[Your task]:
One number is the full answer: how many lines in the records contain the word "business"?

-- Data records follows --

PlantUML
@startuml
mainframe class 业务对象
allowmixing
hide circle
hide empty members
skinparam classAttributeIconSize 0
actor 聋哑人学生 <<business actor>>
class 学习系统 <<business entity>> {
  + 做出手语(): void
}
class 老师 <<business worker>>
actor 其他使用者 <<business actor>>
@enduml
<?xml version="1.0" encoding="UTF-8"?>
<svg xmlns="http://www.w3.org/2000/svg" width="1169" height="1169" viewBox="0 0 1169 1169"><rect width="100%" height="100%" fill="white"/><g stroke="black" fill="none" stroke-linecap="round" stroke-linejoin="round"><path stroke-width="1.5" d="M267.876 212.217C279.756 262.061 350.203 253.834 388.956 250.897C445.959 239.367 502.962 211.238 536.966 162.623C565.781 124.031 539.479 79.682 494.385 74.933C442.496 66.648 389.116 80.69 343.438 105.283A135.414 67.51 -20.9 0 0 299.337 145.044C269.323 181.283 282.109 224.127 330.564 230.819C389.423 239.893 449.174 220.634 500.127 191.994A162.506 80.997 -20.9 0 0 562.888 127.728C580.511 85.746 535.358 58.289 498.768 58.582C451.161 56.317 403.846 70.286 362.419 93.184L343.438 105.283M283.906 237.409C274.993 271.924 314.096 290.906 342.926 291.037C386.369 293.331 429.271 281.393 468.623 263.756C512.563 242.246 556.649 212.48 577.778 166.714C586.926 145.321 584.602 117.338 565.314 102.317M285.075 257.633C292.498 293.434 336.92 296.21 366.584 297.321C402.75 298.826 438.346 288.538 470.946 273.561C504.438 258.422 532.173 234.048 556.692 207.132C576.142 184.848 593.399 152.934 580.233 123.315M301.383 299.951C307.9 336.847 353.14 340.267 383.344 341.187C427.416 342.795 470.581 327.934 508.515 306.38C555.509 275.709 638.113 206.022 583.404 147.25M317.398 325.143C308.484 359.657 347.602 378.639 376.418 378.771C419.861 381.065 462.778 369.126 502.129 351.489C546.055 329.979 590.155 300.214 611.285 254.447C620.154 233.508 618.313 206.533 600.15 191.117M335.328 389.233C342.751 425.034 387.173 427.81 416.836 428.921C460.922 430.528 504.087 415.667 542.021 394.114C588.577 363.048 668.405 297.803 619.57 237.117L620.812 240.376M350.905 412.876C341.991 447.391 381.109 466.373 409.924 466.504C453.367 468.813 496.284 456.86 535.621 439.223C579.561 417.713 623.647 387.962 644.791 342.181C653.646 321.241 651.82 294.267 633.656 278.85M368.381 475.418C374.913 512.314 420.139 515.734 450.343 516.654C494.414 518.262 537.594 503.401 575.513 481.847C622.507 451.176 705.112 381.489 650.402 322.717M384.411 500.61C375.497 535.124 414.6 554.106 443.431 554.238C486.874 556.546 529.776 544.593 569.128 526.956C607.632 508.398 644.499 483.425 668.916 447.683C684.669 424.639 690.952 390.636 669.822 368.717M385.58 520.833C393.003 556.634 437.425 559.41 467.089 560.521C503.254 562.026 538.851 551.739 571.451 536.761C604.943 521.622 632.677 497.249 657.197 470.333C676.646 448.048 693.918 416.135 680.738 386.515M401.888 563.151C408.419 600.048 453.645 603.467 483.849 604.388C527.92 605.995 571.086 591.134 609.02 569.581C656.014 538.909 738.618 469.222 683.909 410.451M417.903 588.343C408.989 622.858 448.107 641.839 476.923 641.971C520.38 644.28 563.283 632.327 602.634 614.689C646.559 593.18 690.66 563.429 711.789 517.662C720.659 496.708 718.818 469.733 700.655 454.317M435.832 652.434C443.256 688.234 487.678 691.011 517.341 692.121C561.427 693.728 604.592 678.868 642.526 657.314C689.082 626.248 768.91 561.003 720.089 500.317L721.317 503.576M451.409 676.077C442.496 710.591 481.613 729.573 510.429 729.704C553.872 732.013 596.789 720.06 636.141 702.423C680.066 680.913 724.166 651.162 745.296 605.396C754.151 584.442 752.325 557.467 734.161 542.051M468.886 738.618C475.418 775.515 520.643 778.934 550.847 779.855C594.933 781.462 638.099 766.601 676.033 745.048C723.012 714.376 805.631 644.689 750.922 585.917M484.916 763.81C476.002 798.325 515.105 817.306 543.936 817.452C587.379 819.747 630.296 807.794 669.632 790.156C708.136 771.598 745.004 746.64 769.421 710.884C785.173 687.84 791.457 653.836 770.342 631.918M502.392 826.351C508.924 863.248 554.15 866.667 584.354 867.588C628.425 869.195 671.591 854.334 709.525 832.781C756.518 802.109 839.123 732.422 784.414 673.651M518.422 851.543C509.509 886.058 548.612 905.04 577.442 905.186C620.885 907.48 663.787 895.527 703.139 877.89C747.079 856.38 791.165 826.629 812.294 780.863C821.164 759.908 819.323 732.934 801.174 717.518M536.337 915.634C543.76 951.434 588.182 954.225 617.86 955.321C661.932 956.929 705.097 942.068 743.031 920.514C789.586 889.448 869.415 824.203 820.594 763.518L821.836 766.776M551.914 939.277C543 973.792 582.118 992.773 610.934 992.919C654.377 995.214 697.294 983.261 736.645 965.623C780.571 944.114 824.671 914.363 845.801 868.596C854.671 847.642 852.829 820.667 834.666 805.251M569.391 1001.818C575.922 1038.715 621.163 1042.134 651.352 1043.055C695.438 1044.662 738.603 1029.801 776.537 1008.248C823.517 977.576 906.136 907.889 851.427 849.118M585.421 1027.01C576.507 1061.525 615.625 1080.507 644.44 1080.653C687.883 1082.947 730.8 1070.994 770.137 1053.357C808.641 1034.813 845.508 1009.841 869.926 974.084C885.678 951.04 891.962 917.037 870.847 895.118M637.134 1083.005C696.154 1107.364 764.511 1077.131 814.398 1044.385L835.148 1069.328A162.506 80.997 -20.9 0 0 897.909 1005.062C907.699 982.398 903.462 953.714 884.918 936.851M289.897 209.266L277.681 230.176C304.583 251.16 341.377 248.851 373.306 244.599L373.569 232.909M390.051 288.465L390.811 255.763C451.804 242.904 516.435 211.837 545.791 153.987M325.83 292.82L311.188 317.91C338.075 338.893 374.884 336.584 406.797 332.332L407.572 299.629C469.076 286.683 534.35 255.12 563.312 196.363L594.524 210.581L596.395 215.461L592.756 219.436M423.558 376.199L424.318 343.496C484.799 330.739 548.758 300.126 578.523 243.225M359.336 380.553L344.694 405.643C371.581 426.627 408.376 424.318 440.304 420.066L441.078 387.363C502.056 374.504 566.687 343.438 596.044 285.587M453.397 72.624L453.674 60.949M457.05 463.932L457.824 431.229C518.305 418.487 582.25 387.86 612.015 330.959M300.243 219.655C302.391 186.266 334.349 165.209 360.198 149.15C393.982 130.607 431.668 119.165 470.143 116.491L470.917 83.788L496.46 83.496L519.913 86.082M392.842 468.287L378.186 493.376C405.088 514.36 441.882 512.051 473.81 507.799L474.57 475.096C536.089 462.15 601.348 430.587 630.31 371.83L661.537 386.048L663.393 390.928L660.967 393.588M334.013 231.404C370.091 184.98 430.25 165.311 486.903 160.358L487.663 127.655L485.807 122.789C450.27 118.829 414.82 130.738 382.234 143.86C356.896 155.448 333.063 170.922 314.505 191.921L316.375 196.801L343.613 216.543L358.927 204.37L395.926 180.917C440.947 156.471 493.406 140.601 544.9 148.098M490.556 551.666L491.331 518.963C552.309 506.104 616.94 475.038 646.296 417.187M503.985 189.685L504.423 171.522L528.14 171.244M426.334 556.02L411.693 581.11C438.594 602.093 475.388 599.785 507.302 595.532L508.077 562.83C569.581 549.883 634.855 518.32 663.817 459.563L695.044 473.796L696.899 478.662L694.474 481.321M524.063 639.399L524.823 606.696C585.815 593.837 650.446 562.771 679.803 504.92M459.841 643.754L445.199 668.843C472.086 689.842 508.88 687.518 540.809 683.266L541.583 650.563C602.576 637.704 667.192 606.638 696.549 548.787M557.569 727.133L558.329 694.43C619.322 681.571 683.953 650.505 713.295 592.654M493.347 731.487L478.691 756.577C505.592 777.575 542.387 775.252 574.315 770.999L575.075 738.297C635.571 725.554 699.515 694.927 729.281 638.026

-- Data records concluded --

[Answer to the exercise]:
4